BRIEF:
Below are some entries. Repeat exactly the lines from the one with "#90=FACE_BOUND('',#89,.T.);" through the one with "#101=CARTESIAN_POINT('',(-3.,-10.,-500.));", and only those.

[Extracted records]
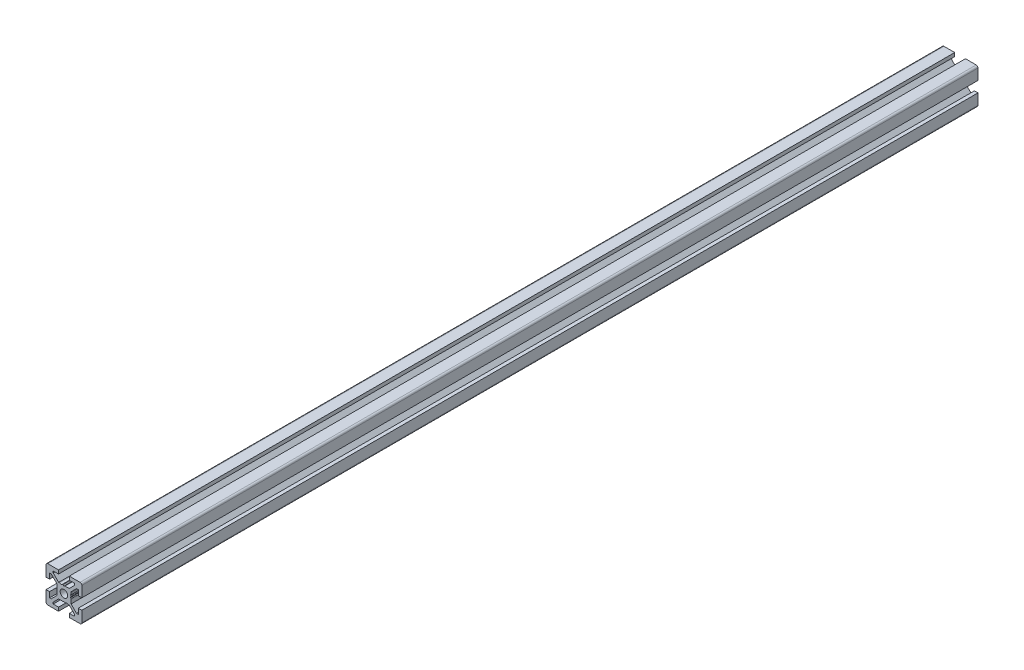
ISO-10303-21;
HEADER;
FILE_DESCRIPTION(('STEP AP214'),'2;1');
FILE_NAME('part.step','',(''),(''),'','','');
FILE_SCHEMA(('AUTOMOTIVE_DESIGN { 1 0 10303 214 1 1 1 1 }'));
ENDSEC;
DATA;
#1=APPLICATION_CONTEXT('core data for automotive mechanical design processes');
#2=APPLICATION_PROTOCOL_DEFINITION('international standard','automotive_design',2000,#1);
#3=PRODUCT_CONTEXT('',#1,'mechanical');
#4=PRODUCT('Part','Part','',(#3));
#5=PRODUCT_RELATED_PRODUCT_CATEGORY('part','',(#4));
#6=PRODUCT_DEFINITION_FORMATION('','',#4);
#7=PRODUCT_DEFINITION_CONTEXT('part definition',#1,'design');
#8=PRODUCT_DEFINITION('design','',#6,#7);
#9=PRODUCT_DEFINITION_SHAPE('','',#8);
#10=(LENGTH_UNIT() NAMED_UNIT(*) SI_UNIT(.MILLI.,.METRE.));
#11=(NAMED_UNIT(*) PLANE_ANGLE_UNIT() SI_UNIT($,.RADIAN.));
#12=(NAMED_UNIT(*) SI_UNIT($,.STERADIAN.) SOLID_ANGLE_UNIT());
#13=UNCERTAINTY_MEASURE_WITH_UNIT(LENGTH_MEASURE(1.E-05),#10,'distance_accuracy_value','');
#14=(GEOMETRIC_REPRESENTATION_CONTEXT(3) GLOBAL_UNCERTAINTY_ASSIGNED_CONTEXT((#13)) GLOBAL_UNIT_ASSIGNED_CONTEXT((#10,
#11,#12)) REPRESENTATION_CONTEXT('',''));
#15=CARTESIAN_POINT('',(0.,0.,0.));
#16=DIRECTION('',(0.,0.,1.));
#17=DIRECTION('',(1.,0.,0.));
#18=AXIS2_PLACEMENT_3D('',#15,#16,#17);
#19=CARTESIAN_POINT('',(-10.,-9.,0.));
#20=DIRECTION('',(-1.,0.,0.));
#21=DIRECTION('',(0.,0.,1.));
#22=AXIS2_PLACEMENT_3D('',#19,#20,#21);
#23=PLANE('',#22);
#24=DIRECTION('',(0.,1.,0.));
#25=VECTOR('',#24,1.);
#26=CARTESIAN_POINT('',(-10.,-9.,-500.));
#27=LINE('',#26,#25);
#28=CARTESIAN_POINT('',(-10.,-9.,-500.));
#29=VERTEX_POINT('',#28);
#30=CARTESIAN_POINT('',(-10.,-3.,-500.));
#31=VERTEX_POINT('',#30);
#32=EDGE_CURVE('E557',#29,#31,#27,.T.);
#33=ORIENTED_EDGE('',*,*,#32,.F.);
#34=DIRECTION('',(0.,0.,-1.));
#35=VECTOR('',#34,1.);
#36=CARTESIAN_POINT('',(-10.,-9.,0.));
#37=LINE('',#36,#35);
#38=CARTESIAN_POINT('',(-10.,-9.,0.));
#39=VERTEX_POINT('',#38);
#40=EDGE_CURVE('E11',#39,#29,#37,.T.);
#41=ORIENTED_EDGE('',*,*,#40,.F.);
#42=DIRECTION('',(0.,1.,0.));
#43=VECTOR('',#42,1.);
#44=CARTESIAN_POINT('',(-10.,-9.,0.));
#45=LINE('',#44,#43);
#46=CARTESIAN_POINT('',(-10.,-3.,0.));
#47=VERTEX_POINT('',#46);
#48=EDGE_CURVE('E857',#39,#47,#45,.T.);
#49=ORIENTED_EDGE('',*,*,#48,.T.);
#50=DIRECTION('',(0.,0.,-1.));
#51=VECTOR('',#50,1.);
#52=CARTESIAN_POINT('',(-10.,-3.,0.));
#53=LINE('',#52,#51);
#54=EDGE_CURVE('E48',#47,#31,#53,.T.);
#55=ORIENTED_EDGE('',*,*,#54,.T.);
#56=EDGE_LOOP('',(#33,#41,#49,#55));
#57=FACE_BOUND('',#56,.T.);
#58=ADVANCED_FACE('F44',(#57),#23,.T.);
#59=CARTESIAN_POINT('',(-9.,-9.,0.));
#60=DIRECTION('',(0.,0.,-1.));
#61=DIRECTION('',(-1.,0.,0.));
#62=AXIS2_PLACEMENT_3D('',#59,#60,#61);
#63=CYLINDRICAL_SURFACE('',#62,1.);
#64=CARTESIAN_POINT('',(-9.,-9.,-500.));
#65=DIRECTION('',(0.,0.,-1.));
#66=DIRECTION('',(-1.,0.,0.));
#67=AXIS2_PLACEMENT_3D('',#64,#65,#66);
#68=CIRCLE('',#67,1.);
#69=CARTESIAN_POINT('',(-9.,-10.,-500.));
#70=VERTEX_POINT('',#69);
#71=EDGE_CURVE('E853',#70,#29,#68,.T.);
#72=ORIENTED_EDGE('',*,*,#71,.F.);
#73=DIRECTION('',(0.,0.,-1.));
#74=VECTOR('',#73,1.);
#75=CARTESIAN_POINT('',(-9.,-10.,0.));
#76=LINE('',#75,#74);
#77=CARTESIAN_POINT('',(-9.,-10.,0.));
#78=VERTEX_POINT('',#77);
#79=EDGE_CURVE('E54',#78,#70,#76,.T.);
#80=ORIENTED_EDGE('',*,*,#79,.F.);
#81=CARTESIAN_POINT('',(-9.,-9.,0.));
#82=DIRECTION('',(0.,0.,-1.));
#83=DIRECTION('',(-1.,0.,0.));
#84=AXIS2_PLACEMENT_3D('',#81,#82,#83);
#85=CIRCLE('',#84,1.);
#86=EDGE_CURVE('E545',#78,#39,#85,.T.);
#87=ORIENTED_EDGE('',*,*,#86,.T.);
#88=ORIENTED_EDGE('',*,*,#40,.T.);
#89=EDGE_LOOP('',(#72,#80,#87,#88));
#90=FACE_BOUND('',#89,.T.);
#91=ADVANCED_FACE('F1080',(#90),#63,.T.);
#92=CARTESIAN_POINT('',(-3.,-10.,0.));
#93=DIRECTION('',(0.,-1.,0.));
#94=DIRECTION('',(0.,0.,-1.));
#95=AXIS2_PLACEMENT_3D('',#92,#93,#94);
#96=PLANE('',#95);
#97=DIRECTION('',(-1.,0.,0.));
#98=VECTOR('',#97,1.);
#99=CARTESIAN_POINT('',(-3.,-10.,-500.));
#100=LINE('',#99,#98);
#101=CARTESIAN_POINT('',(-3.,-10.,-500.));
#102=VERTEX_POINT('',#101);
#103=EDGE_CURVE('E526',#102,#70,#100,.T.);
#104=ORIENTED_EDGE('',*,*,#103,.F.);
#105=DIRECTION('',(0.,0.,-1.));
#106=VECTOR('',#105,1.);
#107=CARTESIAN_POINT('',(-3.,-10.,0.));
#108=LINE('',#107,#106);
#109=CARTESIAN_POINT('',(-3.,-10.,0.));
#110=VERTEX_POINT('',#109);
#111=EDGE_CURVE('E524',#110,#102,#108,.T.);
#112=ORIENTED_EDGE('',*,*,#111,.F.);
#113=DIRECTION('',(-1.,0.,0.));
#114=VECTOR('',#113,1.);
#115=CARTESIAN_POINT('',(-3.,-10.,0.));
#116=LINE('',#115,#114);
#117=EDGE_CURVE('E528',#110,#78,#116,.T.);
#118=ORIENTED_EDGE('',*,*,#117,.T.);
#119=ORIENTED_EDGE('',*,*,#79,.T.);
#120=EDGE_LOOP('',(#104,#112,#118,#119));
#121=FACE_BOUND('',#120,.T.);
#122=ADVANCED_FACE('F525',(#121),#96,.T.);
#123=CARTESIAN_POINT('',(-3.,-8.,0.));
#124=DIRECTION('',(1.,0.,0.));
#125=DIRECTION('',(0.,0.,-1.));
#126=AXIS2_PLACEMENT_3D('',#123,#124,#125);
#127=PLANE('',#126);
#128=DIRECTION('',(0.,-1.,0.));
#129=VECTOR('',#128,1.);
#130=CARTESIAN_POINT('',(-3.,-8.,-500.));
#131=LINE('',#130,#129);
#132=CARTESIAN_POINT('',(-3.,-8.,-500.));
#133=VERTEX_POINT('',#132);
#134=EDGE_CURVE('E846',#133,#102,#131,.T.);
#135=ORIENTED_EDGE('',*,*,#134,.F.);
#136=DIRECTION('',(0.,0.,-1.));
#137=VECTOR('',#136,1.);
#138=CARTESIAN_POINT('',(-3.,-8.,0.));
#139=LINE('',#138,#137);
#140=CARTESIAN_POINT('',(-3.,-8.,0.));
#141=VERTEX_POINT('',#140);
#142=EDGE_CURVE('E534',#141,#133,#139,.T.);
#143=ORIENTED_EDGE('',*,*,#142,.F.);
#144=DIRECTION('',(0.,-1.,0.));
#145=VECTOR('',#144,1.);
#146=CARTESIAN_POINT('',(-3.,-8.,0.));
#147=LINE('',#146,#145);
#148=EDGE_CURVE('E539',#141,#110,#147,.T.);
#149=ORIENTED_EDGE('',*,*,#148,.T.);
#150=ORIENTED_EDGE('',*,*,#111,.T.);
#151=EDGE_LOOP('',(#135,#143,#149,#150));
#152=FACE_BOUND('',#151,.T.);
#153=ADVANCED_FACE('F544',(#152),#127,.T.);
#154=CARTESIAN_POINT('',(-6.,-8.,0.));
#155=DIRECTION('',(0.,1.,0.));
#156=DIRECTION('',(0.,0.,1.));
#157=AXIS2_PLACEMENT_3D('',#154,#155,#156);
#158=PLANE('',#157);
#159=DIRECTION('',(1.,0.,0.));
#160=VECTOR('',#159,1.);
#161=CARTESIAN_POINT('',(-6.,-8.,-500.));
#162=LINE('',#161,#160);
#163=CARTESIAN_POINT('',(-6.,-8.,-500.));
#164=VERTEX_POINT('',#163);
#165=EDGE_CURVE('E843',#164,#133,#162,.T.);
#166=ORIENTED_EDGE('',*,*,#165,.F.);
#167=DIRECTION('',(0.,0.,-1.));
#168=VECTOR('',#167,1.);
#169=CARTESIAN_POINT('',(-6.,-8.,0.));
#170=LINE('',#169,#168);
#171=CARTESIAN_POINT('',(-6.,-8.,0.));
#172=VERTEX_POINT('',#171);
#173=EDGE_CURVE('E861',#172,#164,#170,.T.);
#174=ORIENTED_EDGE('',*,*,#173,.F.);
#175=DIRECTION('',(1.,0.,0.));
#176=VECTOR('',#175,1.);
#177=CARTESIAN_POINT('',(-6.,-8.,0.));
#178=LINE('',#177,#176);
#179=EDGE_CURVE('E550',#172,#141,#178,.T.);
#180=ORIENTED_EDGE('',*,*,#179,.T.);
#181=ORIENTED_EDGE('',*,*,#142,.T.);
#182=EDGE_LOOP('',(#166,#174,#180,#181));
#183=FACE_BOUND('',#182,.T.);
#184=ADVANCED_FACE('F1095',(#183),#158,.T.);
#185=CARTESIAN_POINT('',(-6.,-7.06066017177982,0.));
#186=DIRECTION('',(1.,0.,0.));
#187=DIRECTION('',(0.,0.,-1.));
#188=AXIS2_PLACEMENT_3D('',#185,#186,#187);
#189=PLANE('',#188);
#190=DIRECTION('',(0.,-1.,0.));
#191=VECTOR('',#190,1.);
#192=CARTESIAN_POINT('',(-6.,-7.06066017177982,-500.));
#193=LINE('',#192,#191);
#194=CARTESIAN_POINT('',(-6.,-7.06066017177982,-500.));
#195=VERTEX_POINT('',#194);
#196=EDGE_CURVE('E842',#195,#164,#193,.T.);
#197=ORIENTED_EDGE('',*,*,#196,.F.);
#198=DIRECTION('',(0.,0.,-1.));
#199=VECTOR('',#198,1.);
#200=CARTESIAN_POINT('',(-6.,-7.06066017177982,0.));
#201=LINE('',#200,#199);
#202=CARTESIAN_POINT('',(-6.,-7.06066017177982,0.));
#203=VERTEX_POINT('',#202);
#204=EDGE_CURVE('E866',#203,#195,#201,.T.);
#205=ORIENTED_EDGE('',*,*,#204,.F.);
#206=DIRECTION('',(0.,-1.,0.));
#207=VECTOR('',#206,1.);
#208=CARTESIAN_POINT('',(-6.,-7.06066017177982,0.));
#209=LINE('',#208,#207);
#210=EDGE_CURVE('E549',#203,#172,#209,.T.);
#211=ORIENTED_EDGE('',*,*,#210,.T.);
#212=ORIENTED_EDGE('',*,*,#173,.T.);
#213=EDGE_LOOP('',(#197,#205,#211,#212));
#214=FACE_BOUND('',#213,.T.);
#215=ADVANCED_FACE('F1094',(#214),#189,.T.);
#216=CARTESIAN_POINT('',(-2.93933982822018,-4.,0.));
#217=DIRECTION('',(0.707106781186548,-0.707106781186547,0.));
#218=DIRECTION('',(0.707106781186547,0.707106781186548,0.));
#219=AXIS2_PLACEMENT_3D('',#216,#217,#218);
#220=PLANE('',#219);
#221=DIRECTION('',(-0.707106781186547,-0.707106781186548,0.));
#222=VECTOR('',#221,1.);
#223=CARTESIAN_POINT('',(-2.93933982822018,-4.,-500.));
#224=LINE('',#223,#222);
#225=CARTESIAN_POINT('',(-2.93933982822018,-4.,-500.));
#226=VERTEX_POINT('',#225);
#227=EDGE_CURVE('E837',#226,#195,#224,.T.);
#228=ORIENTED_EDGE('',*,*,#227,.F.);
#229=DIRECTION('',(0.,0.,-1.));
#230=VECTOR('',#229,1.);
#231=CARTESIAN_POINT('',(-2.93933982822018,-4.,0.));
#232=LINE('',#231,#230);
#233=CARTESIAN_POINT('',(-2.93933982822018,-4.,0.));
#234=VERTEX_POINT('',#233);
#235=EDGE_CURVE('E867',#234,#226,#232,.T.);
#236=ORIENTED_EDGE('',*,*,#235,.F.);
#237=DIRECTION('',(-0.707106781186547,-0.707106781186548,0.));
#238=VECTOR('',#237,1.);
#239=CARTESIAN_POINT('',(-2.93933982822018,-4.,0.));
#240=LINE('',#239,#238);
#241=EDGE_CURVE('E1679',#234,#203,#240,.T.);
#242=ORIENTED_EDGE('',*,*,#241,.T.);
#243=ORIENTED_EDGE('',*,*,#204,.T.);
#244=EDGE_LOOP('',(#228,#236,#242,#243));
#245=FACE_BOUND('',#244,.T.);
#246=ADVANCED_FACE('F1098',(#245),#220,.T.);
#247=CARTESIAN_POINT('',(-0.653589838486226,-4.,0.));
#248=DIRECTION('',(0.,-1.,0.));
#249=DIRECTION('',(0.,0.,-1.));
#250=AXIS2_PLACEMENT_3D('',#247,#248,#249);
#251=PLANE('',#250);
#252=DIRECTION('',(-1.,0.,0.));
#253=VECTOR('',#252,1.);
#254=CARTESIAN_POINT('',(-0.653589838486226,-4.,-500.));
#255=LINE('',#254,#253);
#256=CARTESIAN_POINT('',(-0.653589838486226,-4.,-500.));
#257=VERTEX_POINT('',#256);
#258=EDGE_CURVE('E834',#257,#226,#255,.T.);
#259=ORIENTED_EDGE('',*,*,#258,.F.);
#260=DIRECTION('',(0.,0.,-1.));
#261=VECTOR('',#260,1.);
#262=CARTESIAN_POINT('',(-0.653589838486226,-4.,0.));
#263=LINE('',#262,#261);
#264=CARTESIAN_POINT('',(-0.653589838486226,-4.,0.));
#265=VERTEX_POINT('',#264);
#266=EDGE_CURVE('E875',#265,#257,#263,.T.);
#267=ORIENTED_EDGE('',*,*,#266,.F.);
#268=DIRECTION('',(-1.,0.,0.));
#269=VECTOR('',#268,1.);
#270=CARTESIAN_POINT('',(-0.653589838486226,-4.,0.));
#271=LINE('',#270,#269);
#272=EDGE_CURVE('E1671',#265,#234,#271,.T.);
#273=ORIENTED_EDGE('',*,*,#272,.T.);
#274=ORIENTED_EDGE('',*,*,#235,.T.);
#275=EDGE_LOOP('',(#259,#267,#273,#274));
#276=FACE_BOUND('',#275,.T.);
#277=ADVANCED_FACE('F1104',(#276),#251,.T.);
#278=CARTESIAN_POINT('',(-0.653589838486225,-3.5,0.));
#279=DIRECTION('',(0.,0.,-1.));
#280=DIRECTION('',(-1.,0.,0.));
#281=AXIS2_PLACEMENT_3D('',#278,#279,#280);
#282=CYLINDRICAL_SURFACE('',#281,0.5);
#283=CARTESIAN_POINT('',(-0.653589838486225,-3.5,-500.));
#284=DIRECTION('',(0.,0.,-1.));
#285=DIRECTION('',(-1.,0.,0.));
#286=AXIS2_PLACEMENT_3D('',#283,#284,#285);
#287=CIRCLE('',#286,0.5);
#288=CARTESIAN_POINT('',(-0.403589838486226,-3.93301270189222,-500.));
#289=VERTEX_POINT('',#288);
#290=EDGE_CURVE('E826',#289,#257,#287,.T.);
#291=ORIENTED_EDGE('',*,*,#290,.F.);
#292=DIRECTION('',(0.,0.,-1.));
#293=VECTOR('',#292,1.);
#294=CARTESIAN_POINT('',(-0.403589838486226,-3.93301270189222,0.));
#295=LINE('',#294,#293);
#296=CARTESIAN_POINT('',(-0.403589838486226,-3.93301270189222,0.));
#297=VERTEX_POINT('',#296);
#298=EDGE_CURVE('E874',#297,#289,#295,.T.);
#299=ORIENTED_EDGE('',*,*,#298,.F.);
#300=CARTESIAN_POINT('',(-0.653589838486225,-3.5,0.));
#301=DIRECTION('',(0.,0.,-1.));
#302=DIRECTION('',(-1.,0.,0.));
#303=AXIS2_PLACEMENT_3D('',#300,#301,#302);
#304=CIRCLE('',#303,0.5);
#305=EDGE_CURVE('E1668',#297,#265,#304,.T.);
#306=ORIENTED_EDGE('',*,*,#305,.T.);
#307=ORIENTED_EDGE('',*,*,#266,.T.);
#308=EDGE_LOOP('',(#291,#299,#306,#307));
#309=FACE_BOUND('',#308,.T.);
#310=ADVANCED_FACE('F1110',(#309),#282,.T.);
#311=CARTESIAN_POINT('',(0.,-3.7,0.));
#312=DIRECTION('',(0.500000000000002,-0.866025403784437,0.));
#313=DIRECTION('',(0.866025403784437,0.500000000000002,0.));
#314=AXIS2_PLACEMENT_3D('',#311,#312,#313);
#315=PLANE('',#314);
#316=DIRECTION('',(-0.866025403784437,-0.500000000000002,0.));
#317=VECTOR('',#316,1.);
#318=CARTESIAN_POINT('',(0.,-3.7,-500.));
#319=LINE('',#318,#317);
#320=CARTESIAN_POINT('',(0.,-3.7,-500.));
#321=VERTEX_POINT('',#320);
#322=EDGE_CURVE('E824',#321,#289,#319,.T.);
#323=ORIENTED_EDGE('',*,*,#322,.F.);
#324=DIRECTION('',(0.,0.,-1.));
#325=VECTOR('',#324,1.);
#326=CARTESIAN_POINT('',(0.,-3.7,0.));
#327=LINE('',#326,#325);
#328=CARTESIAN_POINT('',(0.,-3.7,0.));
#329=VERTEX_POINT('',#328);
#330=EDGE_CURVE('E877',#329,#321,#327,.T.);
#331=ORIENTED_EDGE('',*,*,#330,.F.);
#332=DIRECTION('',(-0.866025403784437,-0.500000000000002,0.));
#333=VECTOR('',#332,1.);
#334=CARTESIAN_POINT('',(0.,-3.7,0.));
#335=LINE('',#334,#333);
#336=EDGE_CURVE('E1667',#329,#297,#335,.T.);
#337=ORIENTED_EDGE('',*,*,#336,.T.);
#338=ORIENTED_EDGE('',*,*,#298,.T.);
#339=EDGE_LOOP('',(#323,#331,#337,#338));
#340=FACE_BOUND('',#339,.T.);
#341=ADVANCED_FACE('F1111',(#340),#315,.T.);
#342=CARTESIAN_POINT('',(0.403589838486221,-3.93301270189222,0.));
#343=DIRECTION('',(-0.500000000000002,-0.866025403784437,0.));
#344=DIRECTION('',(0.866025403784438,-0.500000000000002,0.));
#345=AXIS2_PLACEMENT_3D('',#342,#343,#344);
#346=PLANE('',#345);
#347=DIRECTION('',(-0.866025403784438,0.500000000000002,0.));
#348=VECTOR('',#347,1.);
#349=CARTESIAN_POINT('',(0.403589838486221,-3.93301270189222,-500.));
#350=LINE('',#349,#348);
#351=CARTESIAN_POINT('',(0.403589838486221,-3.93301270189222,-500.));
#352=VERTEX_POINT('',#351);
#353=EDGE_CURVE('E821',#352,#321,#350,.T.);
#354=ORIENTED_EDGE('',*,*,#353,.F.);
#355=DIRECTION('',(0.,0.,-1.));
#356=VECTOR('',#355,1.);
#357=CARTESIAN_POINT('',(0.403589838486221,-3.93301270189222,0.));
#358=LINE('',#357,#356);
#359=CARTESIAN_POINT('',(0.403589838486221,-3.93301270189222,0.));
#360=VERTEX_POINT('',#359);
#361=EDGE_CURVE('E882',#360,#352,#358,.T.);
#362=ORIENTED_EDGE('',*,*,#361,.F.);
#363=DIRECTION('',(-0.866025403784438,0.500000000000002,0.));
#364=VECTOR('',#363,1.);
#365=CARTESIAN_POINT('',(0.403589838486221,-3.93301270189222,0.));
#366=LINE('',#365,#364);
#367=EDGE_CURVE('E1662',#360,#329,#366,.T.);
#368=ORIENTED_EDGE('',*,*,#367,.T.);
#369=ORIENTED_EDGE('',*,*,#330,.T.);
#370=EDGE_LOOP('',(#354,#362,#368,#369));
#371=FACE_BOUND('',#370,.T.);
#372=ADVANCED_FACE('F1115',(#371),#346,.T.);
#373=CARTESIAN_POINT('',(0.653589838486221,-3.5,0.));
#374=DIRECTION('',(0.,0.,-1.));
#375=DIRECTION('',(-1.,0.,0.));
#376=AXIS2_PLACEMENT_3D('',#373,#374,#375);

EXERCISE RESULT:
#90=FACE_BOUND('',#89,.T.);
#91=ADVANCED_FACE('F1080',(#90),#63,.T.);
#92=CARTESIAN_POINT('',(-3.,-10.,0.));
#93=DIRECTION('',(0.,-1.,0.));
#94=DIRECTION('',(0.,0.,-1.));
#95=AXIS2_PLACEMENT_3D('',#92,#93,#94);
#96=PLANE('',#95);
#97=DIRECTION('',(-1.,0.,0.));
#98=VECTOR('',#97,1.);
#99=CARTESIAN_POINT('',(-3.,-10.,-500.));
#100=LINE('',#99,#98);
#101=CARTESIAN_POINT('',(-3.,-10.,-500.));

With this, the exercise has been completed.